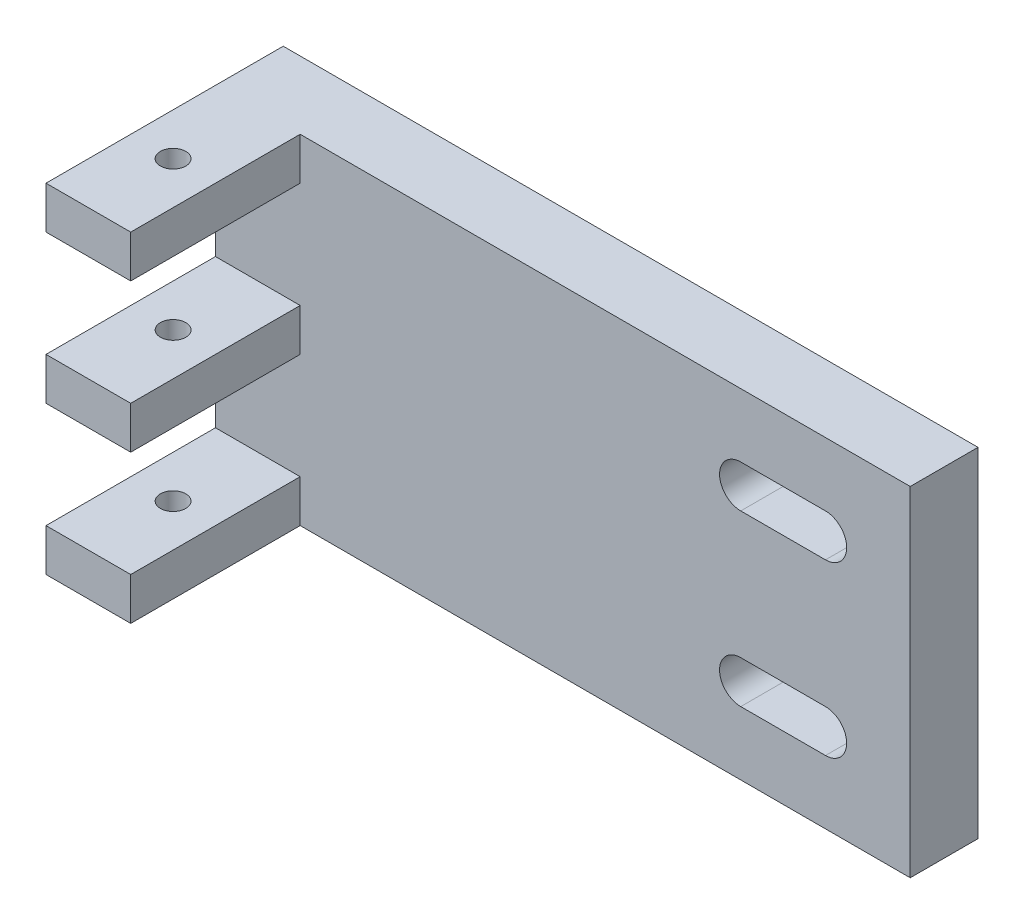
from build123d import *

# Parameters (mm, degrees)
SKETCH_1_W          = 82
SKETCH_1_H          = 40
EXTRUDE_1_DEPTH     = 8
SKETCH_3_W          = 10
SKETCH_3_H          = 5
EXTRUDE_3_DEPTH     = 20
SKETCH_4_R          = 1.5
CUT_EXTRUDE_1_DEPTH = 47


with BuildPart() as part:
    # 草图1 → 凸台-拉伸1 (new body)
    with BuildSketch(Plane.XY):
        with Locations((15.184210526, 10.907894737)):
            Rectangle(SKETCH_1_W, SKETCH_1_H)
        with BuildLine():
            Line((46.184210526, -1.592105263), (36.184210526, -1.592105263))
            ThreePointArc((36.184210526, -1.592105263), (33.684210526, 0.907894737), (36.184210526, 3.407894737))
            Line((36.184210526, 3.407894737), (46.184210526, 3.407894737))
            ThreePointArc((46.184210526, 3.407894737), (48.684210526, 0.907894737), (46.184210526, -1.592105263))
        make_face(mode=Mode.SUBTRACT)
        with BuildLine():
            Line((46.184210526, 18.407894737), (36.184210526, 18.407894737))
            ThreePointArc((36.184210526, 18.407894737), (33.684210526, 20.907894737), (36.184210526, 23.407894737))
            Line((36.184210526, 23.407894737), (46.184210526, 23.407894737))
            ThreePointArc((46.184210526, 23.407894737), (48.684210526, 20.907894737), (46.184210526, 18.407894737))
        make_face(mode=Mode.SUBTRACT)
    extrude(amount=EXTRUDE_1_DEPTH)

    # 草图3 → 凸台-拉伸3 (add)
    with BuildSketch(Plane.XY.offset(8)):
        with Locations((-20.815789474, 28.407894737)):
            Rectangle(SKETCH_3_W, SKETCH_3_H)
        with Locations((-20.815789474, -6.592105263)):
            Rectangle(SKETCH_3_W, SKETCH_3_H)
        with Locations((-20.815789474, 10.907894737)):
            Rectangle(SKETCH_3_W, SKETCH_3_H)
    extrude(amount=EXTRUDE_3_DEPTH)

    # 草图4 → 切除-拉伸1 (cut)
    with BuildSketch(Plane(origin=(0, 30.907894737, 0), x_dir=(1, 0, 0), z_dir=(0, 1, 0))):
        with Locations(Location((-20.815789474, -18, 0), (0, 0, 270))):
            Circle(SKETCH_4_R)
    extrude(amount=-CUT_EXTRUDE_1_DEPTH, mode=Mode.SUBTRACT)


solid = part.part
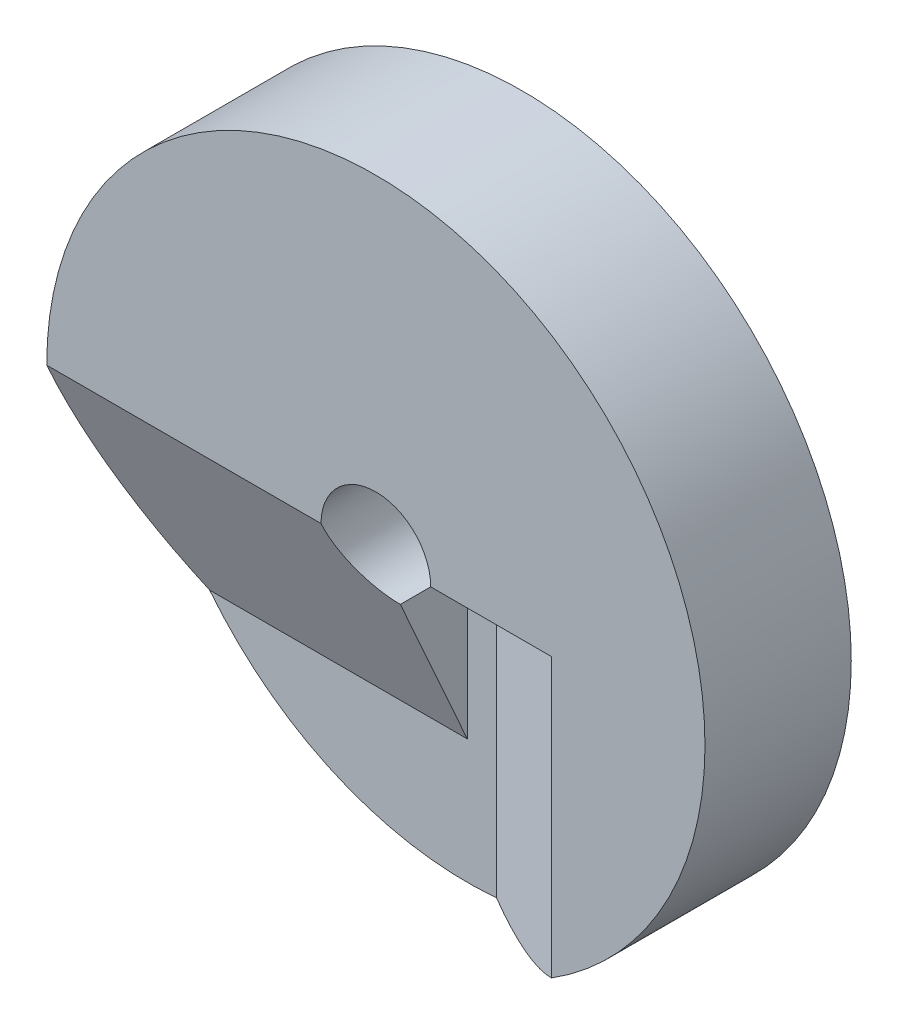
from build123d import *

# Parameters (mm, degrees)
CROQUIS1_R              = 9
CROQUIS1_R_2            = 1.5
SALIENTE_EXTRUIR1_DEPTH = 4
CORTAR_EXTRUIR1_DEPTH   = 15
CORTAR_EXTRUIR2_DEPTH   = 10


with BuildPart() as part:
    # Croquis1 → Saliente-Extruir1 (new body)
    with BuildSketch(Plane.XY):
        Circle(CROQUIS1_R)
        Circle(CROQUIS1_R_2, mode=Mode.SUBTRACT)
    extrude(amount=SALIENTE_EXTRUIR1_DEPTH)

    # Croquis2 → Cortar-Extruir1 (cut)
    with BuildSketch(Plane(origin=(0, 0, 0), x_dir=(0, 0, -1), z_dir=(1, 0, 0))):
        Polygon((-1.5, -5.6), (-4, 0), (-4, -9), (-1.5, -9), align=None)
    extrude(amount=-CORTAR_EXTRUIR1_DEPTH, mode=Mode.SUBTRACT)

    # Croquis3 → Cortar-Extruir2 (cut)
    with BuildSketch(Plane(origin=(0, 0, 0), x_dir=(1, 0, 0), z_dir=(0, 1, 0))):
        Polygon((0, -1.5), (0, -4), (4.803477962, -4), (0.798212, -1.5), align=None)
    extrude(amount=-CORTAR_EXTRUIR2_DEPTH, mode=Mode.SUBTRACT)


solid = part.part
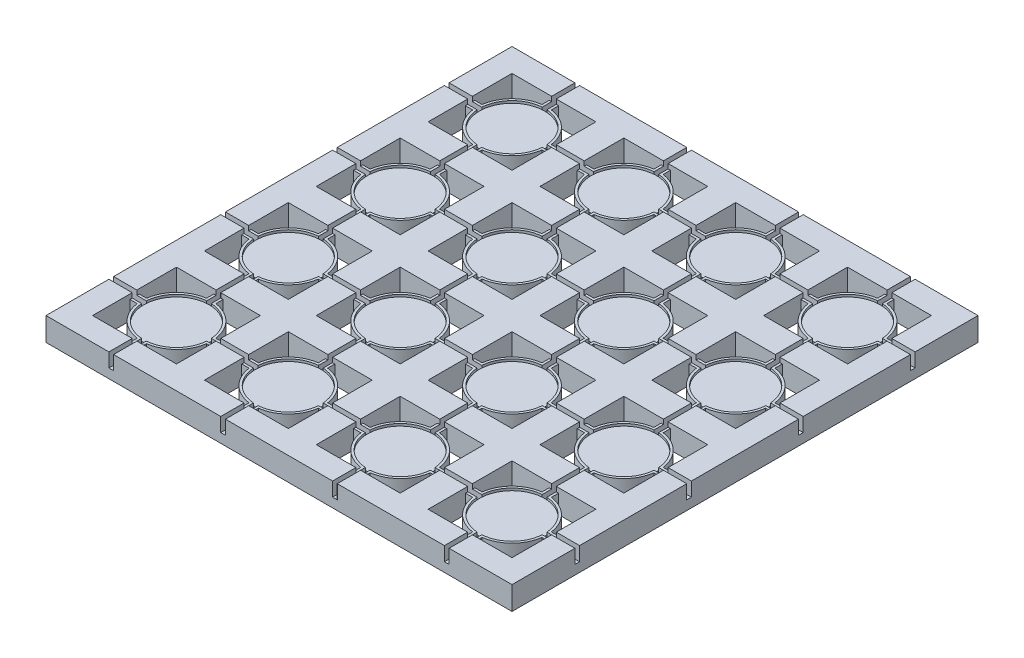
from build123d import *

# Parameters (mm, degrees)
SKETCH1_W            = 200
SKETCH1_H            = 200
BOSS_EXTRUDE1_DEPTH  = 10
CUT_EXTRUDE2_DEPTH   = 142.774468788
SKETCH3_W            = 36
SKETCH3_H            = 36
CUT_EXTRUDE3_DEPTH   = 2
SKETCH4_R            = 14
CUT_EXTRUDE4_DEPTH   = 1
SKETCH5_W            = 2
SKETCH5_H            = 10
SKETCH5_W_2          = 10
SKETCH5_H_2          = 2
CUT_EXTRUDE5_DEPTH   = 6
LPATTERN2_COUNT      = 4
LPATTERN2_PITCH      = 48
LPATTERN2_COUNT_DIR2 = 4
LPATTERN2_PITCH_DIR2 = 48
SKETCH6_W            = 36
SKETCH6_H            = 36
CUT_EXTRUDE6_DEPTH   = 2
LPATTERN3_COUNT      = 4
LPATTERN3_PITCH      = 48
LPATTERN3_COUNT_DIR2 = 4
LPATTERN3_PITCH_DIR2 = 48


with BuildPart() as part:
    # Sketch1 → Boss-Extrude1 (new body)
    with BuildSketch(Plane(origin=(0, 0, 0), x_dir=(1, 0, 0), z_dir=(0, 1, 0))):
        Rectangle(SKETCH1_W, SKETCH1_H)
    extrude(amount=BOSS_EXTRUDE1_DEPTH)

    # Sketch2 → Cut-Extrude2 (cut, through all)
    with BuildSketch(Plane(origin=(0, 10, 0), x_dir=(1, 0, 0), z_dir=(0, 1, 0))):
        with BuildLine():
            Line((-57.133931253, 74), (-54, 74))
            Line((-54, 74), (-54, 90))
            Line((-54, 90), (-70, 90))
            Line((-70, 90), (-70, 86.866068747))
            ThreePointArc((-70, 86.866068747), (-61.393398282, 82.606601718), (-57.133931253, 74))
        make_face()
        with BuildLine():
            Line((-70, 57.133931253), (-70, 54))
            Line((-70, 54), (-54, 54))
            Line((-54, 54), (-54, 70))
            Line((-54, 70), (-57.133931253, 70))
            ThreePointArc((-57.133931253, 70), (-61.393398282, 61.393398282), (-70, 57.133931253))
        make_face()
        with BuildLine():
            Line((-90, 70), (-90, 54))
            Line((-90, 54), (-74, 54))
            Line((-74, 54), (-74, 57.133931253))
            ThreePointArc((-74, 57.133931253), (-82.606601718, 61.393398282), (-86.866068747, 70))
            Line((-86.866068747, 70), (-90, 70))
        make_face()
        with BuildLine():
            Line((-90, 90), (-90, 74))
            Line((-90, 74), (-86.866068747, 74))
            ThreePointArc((-86.866068747, 74), (-82.606601718, 82.606601718), (-74, 86.866068747))
            Line((-74, 86.866068747), (-74, 90))
            Line((-74, 90), (-90, 90))
        make_face()
    cut_extrude2 = extrude(amount=-CUT_EXTRUDE2_DEPTH, mode=Mode.SUBTRACT)

    # Sketch3 → Cut-Extrude3 (cut)
    with BuildSketch(Plane(origin=(0, 10, 0), x_dir=(1, 0, 0), z_dir=(0, 1, 0))):
        with Locations((-72, 72)):
            Rectangle(SKETCH3_W, SKETCH3_H)
    cut_extrude3 = extrude(amount=-CUT_EXTRUDE3_DEPTH, mode=Mode.SUBTRACT)

    # Sketch4 → Cut-Extrude4 (cut)
    with BuildSketch(Plane(origin=(0, 8, 0), x_dir=(1, 0, 0), z_dir=(0, 1, 0))):
        with Locations(Location((-72, 72, 0), (0, 0, 270))):
            Circle(SKETCH4_R)
    cut_extrude4 = extrude(amount=-CUT_EXTRUDE4_DEPTH, mode=Mode.SUBTRACT)

    # Sketch5 → Cut-Extrude5 (cut)
    with BuildSketch(Plane(origin=(0, 10, 0), x_dir=(1, 0, 0), z_dir=(0, 1, 0))):
        with Locations((-72, 49)):
            Rectangle(SKETCH5_W, SKETCH5_H)
        with BuildLine():
            Line((-73, 58.035759956), (-73, 54))
            Line((-73, 54), (-71, 54))
            Line((-71, 54), (-71, 58.035759956))
            ThreePointArc((-71, 58.035759956), (-72, 58), (-73, 58.035759956))
        make_face()
        with Locations((-49, 72)):
            Rectangle(SKETCH5_W_2, SKETCH5_H_2)
        with BuildLine():
            Line((-54, 71), (-54, 73))
            Line((-54, 73), (-58.035759956, 73))
            ThreePointArc((-58.035759956, 73), (-58, 72), (-58.035759956, 71))
            Line((-58.035759956, 71), (-54, 71))
        make_face()
        with BuildLine():
            Line((-71, 90), (-73, 90))
            Line((-73, 90), (-73, 85.964240044))
            ThreePointArc((-73, 85.964240044), (-72, 86), (-71, 85.964240044))
            Line((-71, 85.964240044), (-71, 90))
        make_face()
        with Locations((-72, 95)):
            Rectangle(SKETCH5_W, SKETCH5_H)
        with Locations((-95, 72)):
            Rectangle(SKETCH5_W_2, SKETCH5_H_2)
        with BuildLine():
            Line((-85.964240044, 73), (-90, 73))
            Line((-90, 73), (-90, 71))
            Line((-90, 71), (-85.964240044, 71))
            ThreePointArc((-85.964240044, 71), (-86, 72), (-85.964240044, 73))
        make_face()
    cut_extrude5 = extrude(amount=-CUT_EXTRUDE5_DEPTH, mode=Mode.SUBTRACT)

    # LPattern2: Cut-Extrude2, Cut-Extrude3, Cut-Extrude4, Cut-Extrude5 4 × 4
    with Locations(*[(i * LPATTERN2_PITCH, 0, j * LPATTERN2_PITCH_DIR2) for i in range(LPATTERN2_COUNT) for j in range(LPATTERN2_COUNT_DIR2) if (i, j) != (0, 0)]):
        add(cut_extrude2, mode=Mode.SUBTRACT)
        add(cut_extrude3, mode=Mode.SUBTRACT)
        add(cut_extrude4, mode=Mode.SUBTRACT)
        add(cut_extrude5, mode=Mode.SUBTRACT)

    # Sketch6 → Cut-Extrude6 (cut)
    with BuildSketch(Plane.XZ):
        with Locations((-72, 72)):
            Rectangle(SKETCH6_W, SKETCH6_H)
    cut_extrude6 = extrude(amount=-CUT_EXTRUDE6_DEPTH, mode=Mode.SUBTRACT)

    # LPattern3: Cut-Extrude6 4 × 4
    with Locations(*[(j * LPATTERN3_PITCH_DIR2, 0, -i * LPATTERN3_PITCH) for i in range(LPATTERN3_COUNT) for j in range(LPATTERN3_COUNT_DIR2) if (i, j) != (0, 0)]):
        add(cut_extrude6, mode=Mode.SUBTRACT)


solid = part.part

- - - - -

Nothing but the lines above from the one containing "Line((-54, 70), (-57.133931253, 70))" through the one containing "Line((-74, 90), (-90, 90))" should appear in the answer, each repeated exactly.

WRITTEN SOLUTION >>
            Line((-54, 70), (-57.133931253, 70))
            ThreePointArc((-57.133931253, 70), (-61.393398282, 61.393398282), (-70, 57.133931253))
        make_face()
        with BuildLine():
            Line((-90, 70), (-90, 54))
            Line((-90, 54), (-74, 54))
            Line((-74, 54), (-74, 57.133931253))
            ThreePointArc((-74, 57.133931253), (-82.606601718, 61.393398282), (-86.866068747, 70))
            Line((-86.866068747, 70), (-90, 70))
        make_face()
        with BuildLine():
            Line((-90, 90), (-90, 74))
            Line((-90, 74), (-86.866068747, 74))
            ThreePointArc((-86.866068747, 74), (-82.606601718, 82.606601718), (-74, 86.866068747))
            Line((-74, 86.866068747), (-74, 90))
            Line((-74, 90), (-90, 90))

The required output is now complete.